### ASSIGNED TASK
A verbatim copy of the line containing "X-THETA/1 -> Add3/2, Bus" and all lines after it, up to and including the final line of the records, is the only acceptable output.

### EXTRACTED MATERIAL

===

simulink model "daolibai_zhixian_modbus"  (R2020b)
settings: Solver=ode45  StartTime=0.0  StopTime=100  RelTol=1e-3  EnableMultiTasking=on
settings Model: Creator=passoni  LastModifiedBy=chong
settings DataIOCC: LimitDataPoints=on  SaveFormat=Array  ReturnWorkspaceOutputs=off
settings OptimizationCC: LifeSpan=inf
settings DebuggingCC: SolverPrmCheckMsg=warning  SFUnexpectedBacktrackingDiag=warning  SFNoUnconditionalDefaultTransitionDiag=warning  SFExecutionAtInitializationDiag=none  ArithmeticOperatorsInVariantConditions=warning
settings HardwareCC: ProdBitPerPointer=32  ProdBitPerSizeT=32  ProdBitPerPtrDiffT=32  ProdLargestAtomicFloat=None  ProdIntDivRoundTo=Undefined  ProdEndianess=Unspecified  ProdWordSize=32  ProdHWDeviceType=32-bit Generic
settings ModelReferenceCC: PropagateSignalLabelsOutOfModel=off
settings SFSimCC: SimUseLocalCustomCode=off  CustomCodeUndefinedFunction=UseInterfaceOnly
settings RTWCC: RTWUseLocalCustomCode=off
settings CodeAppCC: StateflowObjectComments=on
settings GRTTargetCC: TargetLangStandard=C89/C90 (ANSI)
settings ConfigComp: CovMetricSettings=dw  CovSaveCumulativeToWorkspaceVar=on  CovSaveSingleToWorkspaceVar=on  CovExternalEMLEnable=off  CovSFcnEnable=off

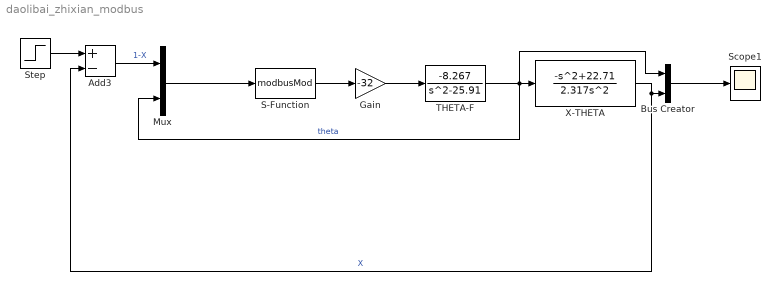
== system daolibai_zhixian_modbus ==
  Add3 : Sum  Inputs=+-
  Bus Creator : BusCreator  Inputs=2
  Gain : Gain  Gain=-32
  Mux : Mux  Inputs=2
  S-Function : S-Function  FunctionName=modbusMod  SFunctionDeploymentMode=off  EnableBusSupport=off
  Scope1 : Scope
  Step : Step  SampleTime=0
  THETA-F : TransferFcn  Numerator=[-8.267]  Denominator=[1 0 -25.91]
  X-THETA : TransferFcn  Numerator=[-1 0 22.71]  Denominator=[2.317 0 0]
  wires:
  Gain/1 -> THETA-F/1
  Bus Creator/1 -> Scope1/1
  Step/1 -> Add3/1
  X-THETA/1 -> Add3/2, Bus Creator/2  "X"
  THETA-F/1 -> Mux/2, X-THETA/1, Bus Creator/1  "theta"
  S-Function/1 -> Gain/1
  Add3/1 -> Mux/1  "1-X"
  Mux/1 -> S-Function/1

===

### EXERCISE OUTPUT
  X-THETA/1 -> Add3/2, Bus Creator/2  "X"
  THETA-F/1 -> Mux/2, X-THETA/1, Bus Creator/1  "theta"
  S-Function/1 -> Gain/1
  Add3/1 -> Mux/1  "1-X"
  Mux/1 -> S-Function/1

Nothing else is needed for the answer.